Tommy, as others have said, also suffers from classic-rock-radio overkill, and the song fragments shoehorned in to help tell the story (ridiculous as it is) detract, but there's still at least an album's worth of great material.
dog on wheels Wrote:
I didn't include the live one just because I don't care that much for live albums myself. Or, if I do buy them, it's after I own all the studio albums by the band first.
This is correct. The answer to the question "What is the first album I should pick up by 'Insert Artist Here'?" is
never a live album, regardless of how great a live band they are. (Well, maybe the Dead or Phish or somebody. And Cheap Trick
Live at Budokan, but that's it.) But yes,
Live at Leeds is one of the greatest live albums ever.
Odds & Sods should not be ignored--it's certainly leagues better than
Face Dances--but it's a somewhat schizophrenic collection of outtakes, b-sides and tracks that didn't fit elsewhere. Still, the Who threw away better stuff than many bands put on their regular albums.
If
Tommy was a perfect example of how klunky and silly the idea of a rock opera was,
Quadrophenia gets it right. A lyrically dense character portrait with some of the Who's best instrumental work, it may not impress so much at first but has revealed it's depth over the years and become a firm favorite of mine.

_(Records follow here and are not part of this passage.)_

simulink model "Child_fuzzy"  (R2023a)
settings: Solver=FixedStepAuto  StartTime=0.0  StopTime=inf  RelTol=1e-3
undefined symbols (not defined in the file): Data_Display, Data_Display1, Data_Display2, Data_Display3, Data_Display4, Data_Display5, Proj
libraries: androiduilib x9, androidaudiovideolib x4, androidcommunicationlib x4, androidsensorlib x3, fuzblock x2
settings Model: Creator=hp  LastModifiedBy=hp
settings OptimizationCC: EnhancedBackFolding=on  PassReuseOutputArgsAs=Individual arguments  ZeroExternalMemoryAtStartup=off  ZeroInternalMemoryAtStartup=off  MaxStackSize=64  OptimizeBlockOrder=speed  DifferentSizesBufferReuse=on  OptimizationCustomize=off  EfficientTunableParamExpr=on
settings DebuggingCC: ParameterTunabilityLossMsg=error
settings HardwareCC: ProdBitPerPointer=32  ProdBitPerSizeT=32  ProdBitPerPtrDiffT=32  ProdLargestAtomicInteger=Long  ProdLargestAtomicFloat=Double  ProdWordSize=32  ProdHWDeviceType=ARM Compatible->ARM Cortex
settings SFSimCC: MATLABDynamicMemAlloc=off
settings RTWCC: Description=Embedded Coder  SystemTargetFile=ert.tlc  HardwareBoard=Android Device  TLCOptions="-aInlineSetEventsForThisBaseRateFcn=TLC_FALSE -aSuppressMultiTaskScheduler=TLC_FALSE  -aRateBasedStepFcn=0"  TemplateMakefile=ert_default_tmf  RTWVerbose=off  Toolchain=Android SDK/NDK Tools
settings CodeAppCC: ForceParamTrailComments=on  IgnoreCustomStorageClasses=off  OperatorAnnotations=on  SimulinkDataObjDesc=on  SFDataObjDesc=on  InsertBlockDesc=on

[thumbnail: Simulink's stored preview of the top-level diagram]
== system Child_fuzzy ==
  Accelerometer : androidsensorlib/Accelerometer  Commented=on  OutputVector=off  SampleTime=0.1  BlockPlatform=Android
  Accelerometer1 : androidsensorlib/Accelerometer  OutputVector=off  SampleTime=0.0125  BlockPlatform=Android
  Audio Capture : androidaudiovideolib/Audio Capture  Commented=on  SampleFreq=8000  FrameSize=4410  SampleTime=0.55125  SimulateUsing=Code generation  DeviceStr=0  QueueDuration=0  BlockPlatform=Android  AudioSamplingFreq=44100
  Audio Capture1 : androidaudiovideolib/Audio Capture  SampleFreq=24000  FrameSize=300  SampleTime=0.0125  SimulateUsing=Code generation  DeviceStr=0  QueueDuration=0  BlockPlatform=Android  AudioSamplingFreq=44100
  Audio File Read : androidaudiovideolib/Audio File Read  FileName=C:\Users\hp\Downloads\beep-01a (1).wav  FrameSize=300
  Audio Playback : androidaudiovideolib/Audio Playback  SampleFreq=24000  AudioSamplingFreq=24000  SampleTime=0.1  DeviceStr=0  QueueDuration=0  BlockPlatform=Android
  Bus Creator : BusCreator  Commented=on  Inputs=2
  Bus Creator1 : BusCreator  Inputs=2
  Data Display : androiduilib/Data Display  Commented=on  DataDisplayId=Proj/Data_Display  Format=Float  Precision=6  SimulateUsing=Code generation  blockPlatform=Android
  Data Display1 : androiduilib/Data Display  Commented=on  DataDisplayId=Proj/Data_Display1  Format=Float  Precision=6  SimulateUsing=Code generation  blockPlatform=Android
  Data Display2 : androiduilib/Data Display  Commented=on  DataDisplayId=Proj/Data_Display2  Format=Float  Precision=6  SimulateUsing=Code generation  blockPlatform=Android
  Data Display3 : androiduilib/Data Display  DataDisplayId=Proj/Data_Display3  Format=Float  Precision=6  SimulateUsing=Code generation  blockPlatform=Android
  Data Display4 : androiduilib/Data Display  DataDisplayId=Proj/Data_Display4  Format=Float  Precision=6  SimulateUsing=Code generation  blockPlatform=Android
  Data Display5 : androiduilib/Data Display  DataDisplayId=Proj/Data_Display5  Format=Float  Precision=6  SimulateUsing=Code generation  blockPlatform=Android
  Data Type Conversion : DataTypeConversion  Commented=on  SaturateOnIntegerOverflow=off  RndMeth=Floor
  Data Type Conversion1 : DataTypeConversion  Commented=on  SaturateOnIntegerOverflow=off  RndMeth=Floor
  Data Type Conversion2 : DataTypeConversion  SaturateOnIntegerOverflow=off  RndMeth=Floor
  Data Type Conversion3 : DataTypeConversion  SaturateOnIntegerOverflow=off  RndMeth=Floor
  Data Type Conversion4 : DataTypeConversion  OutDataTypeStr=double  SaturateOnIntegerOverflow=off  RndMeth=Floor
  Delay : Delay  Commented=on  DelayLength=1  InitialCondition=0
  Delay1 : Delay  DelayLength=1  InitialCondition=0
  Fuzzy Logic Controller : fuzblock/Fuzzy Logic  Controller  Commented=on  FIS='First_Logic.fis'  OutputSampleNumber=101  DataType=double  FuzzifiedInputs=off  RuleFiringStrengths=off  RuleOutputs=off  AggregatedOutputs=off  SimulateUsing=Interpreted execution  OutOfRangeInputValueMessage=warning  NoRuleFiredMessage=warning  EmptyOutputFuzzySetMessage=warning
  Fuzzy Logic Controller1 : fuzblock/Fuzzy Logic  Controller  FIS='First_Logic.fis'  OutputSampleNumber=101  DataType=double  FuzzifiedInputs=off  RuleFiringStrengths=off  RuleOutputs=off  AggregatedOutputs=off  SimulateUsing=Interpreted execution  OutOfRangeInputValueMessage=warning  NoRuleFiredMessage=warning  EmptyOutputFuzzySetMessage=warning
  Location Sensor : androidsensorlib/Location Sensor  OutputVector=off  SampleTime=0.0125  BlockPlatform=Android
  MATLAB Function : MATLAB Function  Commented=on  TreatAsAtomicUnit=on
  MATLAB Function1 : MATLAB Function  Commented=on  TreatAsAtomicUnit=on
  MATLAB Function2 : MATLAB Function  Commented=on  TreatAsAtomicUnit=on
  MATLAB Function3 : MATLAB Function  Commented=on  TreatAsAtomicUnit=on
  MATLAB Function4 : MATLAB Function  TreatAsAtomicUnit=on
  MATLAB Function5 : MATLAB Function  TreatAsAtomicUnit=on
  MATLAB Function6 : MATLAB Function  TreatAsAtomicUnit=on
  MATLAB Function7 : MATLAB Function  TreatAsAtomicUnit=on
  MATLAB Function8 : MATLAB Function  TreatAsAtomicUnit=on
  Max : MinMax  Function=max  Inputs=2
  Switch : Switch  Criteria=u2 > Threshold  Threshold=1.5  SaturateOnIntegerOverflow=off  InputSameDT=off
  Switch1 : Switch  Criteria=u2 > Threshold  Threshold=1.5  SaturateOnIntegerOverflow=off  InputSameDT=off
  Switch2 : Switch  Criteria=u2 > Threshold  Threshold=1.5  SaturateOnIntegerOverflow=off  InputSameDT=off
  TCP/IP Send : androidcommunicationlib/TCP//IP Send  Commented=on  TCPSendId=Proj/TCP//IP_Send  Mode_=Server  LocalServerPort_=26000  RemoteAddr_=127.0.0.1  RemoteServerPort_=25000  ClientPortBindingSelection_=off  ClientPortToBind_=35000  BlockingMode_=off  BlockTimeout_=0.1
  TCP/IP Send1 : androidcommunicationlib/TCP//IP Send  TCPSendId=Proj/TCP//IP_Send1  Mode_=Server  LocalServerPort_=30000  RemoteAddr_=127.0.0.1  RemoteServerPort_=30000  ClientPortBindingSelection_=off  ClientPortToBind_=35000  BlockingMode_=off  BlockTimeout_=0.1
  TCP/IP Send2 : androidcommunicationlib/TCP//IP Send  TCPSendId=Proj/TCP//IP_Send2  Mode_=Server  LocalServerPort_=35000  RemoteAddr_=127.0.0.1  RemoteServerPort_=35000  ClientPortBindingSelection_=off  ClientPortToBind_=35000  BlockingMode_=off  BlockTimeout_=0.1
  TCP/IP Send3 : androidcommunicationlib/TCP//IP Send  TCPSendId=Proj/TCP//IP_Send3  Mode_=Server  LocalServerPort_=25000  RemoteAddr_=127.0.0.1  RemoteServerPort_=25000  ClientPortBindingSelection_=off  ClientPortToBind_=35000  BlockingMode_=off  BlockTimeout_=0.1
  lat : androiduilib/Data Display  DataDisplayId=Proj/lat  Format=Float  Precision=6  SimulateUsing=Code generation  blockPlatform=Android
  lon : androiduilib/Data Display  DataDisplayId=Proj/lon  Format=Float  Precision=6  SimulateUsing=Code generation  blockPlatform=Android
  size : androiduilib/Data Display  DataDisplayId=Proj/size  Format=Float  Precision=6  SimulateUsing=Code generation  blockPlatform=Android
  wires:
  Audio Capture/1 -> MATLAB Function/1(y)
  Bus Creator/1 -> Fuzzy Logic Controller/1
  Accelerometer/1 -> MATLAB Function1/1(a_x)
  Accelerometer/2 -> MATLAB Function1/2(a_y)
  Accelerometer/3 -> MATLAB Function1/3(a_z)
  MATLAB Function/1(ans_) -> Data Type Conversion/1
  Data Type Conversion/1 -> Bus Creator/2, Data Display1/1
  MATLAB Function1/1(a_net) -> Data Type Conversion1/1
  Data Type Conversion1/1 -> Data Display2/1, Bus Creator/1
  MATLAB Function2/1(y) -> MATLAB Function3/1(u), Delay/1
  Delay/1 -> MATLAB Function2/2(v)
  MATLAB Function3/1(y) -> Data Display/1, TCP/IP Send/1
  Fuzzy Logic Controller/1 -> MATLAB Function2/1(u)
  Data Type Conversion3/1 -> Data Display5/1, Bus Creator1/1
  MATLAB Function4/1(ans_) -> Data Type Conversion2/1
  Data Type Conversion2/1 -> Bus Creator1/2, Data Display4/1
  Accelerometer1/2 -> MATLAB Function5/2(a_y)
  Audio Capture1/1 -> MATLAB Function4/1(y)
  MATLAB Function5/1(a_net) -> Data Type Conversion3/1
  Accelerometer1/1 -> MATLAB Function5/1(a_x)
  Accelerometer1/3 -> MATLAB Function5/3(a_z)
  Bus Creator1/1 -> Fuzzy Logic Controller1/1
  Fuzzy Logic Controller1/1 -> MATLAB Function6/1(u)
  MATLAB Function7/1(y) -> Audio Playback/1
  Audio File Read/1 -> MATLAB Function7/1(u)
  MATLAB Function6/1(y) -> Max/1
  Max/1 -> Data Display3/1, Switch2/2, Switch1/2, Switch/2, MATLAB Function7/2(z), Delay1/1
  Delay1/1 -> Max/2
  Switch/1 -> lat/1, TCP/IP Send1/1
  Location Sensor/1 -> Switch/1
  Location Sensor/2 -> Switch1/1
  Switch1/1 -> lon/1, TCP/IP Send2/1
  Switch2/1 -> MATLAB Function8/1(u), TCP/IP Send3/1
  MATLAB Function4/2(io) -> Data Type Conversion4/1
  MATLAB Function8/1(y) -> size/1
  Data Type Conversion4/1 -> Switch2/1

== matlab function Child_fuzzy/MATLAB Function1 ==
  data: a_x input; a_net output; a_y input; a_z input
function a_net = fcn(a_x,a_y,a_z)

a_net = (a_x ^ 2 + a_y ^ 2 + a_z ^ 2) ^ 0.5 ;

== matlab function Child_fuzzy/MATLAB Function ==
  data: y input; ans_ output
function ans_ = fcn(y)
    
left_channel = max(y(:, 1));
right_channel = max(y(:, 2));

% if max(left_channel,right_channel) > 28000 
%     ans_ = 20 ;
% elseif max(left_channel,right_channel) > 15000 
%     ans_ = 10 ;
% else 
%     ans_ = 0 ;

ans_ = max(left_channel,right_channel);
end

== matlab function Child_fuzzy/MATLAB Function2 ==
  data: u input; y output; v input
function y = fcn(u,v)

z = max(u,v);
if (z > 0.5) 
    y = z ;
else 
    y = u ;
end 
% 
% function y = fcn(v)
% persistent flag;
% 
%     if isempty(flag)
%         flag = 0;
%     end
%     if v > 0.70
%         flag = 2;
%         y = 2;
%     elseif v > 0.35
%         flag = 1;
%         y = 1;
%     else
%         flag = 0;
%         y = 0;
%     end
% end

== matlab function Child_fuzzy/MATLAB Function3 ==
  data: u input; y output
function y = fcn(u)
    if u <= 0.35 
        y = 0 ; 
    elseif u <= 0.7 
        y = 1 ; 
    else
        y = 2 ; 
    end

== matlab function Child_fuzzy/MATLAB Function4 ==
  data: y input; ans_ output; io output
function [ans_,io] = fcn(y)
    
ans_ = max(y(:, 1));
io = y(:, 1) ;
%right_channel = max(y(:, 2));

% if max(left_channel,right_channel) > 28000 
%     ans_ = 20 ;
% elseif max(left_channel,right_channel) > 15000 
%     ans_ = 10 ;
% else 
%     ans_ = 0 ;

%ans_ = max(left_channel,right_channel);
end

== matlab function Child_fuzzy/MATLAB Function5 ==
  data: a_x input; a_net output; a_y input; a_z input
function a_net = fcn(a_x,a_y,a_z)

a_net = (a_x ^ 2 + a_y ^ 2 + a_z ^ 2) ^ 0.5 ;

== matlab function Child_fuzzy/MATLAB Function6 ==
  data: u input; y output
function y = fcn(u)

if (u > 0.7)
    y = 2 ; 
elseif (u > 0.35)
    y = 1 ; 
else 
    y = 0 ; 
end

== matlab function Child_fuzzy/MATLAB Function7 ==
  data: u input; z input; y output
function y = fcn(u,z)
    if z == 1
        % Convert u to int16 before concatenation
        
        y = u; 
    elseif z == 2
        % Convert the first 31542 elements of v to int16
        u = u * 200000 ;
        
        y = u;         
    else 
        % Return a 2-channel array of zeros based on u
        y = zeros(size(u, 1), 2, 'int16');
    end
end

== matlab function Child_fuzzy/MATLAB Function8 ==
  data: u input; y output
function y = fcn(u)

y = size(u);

By Numbers, in a way, is as much of an odds & sods collection as
O&S, a gathering of bitterly serious songs (and a couple of oddball throwaways) from a time when Townshend was losing control, overdosing on the whole rock & roll lifestyle.
Who Are You is pretty solid though it's no masterpiece.
Face Dances has about three really good songs and a bunch of also-rans (Townshend used up most of his good material on his
Empty Glass solo album). Keith's dead. The worst Who album.
Most people hate
It's Hard as much as
Face Dances; while it's no classic, I think it's terribly underrated.
The two
Missing albums have some interesting material amid the outtakes and b-sides (the Who had a lot of b-sides and one-offs), most of which have shown up as bonus cuts on other CDs, but there are some significant cuts that have never shown up on any of the reissues.
I should have been in bed an hour ago.